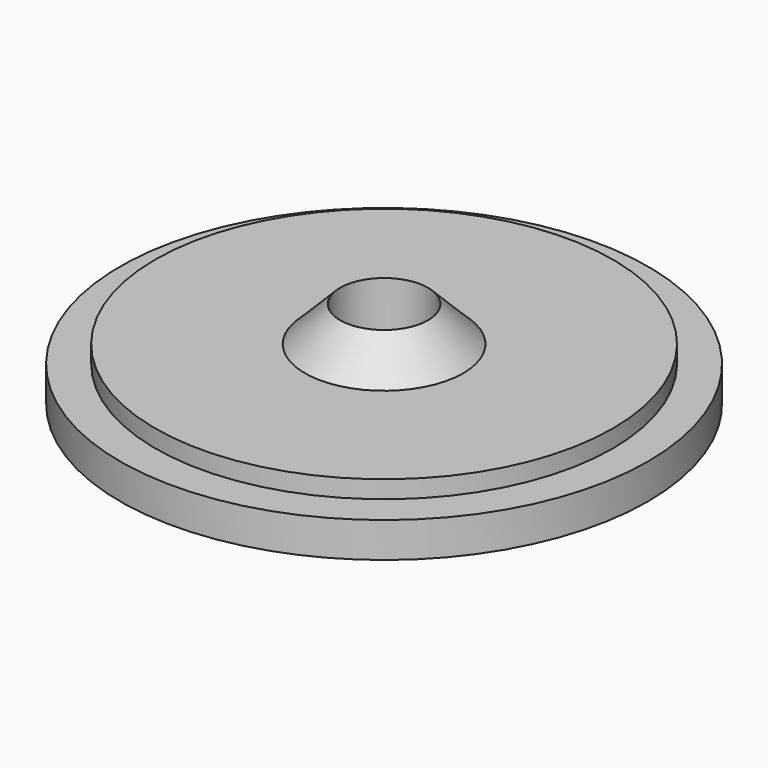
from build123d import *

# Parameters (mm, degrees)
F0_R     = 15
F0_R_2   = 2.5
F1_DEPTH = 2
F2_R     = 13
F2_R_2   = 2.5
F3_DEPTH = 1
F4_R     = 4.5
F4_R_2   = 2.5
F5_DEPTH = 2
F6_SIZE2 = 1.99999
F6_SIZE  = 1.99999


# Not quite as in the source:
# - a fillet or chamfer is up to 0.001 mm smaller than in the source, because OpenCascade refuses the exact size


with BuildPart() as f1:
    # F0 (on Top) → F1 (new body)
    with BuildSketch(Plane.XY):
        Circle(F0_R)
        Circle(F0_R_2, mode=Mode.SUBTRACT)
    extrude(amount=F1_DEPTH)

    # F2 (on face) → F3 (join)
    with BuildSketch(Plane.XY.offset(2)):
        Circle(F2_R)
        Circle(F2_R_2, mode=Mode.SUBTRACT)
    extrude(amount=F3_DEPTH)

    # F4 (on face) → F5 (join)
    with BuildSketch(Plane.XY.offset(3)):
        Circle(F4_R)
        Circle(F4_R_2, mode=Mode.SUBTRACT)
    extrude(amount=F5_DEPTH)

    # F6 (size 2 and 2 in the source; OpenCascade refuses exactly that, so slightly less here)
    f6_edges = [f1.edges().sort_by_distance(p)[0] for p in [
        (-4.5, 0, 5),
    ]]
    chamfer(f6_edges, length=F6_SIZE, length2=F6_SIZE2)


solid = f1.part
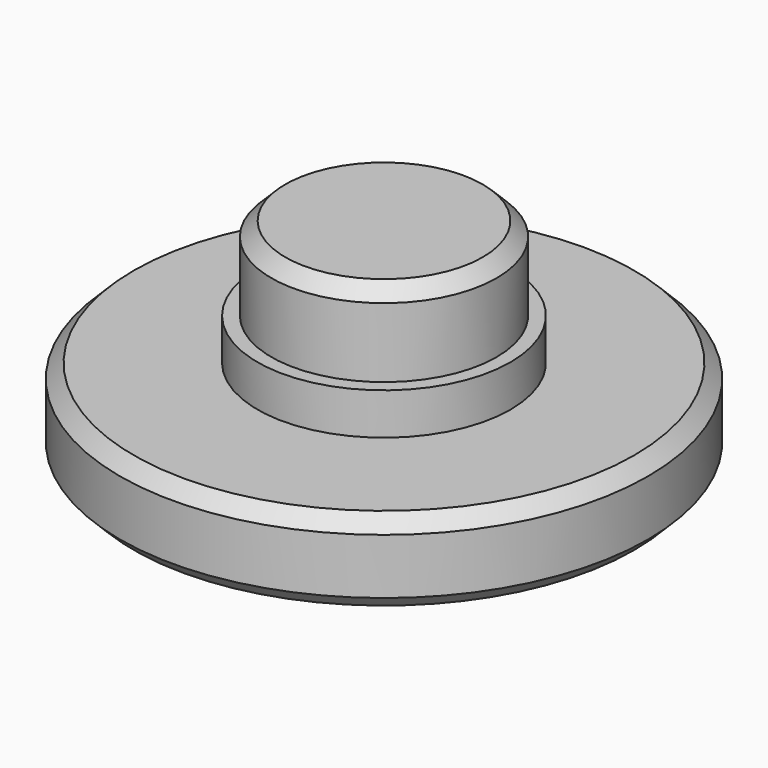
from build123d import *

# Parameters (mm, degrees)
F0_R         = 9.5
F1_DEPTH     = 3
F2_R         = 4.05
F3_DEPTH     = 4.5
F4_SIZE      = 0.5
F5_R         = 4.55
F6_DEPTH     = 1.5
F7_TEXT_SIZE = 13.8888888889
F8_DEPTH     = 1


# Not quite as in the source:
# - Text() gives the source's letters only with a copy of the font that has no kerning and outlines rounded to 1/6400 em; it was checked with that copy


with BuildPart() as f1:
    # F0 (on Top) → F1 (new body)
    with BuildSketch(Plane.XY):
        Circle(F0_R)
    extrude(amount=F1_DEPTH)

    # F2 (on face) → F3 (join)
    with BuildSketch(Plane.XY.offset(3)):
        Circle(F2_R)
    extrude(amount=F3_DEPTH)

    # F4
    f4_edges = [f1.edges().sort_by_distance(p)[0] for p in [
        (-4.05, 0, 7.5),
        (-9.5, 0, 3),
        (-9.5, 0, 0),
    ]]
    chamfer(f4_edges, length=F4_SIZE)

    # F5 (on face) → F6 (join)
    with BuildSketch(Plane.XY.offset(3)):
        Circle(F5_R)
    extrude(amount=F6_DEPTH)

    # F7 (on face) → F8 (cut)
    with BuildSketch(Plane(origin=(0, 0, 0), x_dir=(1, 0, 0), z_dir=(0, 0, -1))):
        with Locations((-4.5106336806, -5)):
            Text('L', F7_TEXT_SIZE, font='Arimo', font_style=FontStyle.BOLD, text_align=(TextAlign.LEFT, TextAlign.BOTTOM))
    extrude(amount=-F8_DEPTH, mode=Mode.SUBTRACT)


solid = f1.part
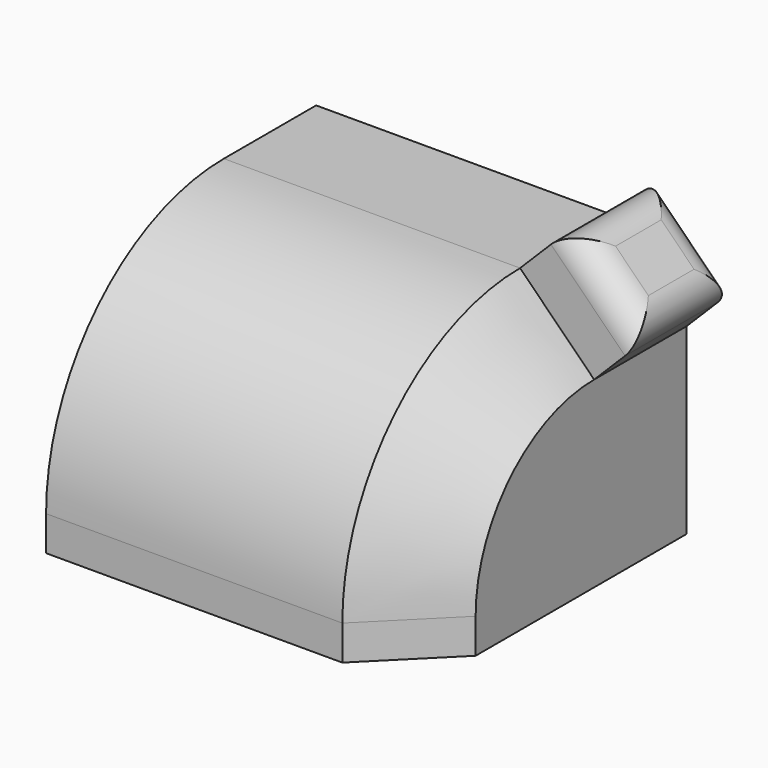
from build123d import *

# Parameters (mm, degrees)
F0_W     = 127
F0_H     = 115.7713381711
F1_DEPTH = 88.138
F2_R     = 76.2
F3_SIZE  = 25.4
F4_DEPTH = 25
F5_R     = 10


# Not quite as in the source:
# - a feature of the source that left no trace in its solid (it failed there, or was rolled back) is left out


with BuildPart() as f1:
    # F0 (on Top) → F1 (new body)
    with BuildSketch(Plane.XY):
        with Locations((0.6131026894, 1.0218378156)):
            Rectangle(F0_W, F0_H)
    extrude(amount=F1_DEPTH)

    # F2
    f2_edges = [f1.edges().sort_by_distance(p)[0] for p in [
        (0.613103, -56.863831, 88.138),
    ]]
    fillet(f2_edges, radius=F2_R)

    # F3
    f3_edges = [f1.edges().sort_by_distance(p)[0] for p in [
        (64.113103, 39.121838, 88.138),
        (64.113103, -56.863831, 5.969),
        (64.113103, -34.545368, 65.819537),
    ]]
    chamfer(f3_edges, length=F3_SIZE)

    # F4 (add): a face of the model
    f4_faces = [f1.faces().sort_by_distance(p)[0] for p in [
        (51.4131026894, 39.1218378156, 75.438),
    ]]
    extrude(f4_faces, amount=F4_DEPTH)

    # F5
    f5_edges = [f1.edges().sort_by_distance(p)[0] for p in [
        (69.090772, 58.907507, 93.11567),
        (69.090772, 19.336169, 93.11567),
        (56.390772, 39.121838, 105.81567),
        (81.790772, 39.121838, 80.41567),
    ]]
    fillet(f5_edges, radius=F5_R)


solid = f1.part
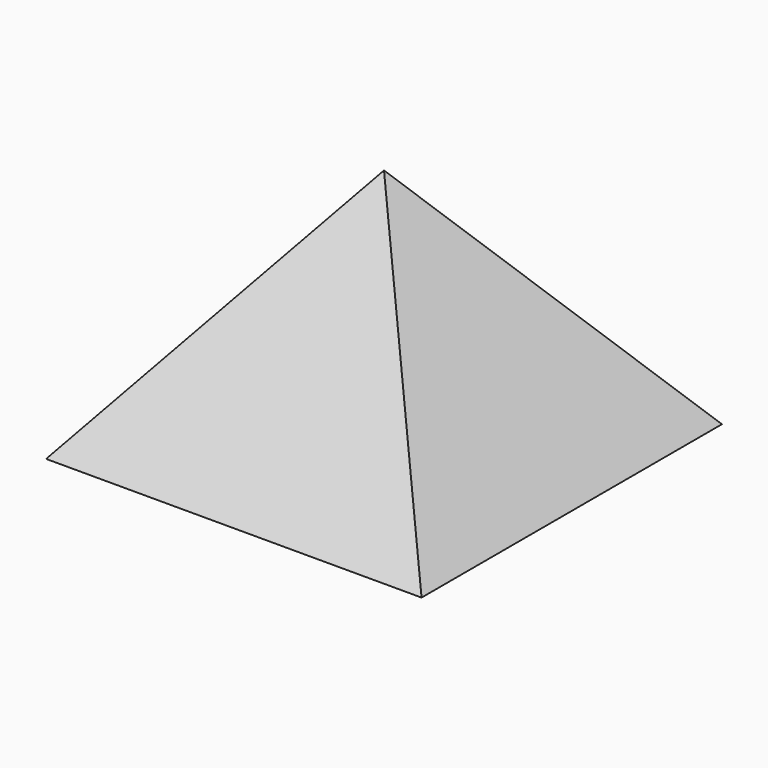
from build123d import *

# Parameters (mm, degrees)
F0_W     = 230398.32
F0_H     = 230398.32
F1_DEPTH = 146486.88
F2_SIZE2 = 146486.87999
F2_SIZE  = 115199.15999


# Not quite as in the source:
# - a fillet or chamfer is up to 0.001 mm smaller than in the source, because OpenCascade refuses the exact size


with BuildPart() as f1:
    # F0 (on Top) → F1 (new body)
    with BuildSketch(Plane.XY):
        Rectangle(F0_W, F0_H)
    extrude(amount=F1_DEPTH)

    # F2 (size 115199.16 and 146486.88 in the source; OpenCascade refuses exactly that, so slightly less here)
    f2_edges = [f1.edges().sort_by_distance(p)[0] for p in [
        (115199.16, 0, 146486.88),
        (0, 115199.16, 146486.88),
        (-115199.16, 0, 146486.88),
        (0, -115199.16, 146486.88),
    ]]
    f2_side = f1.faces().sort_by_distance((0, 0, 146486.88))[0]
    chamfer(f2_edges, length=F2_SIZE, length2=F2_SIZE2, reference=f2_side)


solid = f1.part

__________

▶ Required work
Only lines go in the copy, not pictures. Transcribe exactly from the start of the listing through the line containing "extrude(amount=F5_DEPTH)".

▶ Output of the exercise
from build123d import *

# Parameters (mm, degrees)
F0_R     = 15
F0_R_2   = 2.5
F1_DEPTH = 2
F2_R     = 13
F2_R_2   = 2.5
F3_DEPTH = 1
F4_R     = 4.5
F4_R_2   = 2.5
F5_DEPTH = 2
F6_SIZE2 = 1.99999
F6_SIZE  = 1.99999


# Not quite as in the source:
# - a fillet or chamfer is up to 0.001 mm smaller than in the source, because OpenCascade refuses the exact size


with BuildPart() as f1:
    # F0 (on Top) → F1 (new body)
    with BuildSketch(Plane.XY):
        Circle(F0_R)
        Circle(F0_R_2, mode=Mode.SUBTRACT)
    extrude(amount=F1_DEPTH)

    # F2 (on face) → F3 (join)
    with BuildSketch(Plane.XY.offset(2)):
        Circle(F2_R)
        Circle(F2_R_2, mode=Mode.SUBTRACT)
    extrude(amount=F3_DEPTH)

    # F4 (on face) → F5 (join)
    with BuildSketch(Plane.XY.offset(3)):
        Circle(F4_R)
        Circle(F4_R_2, mode=Mode.SUBTRACT)
    extrude(amount=F5_DEPTH)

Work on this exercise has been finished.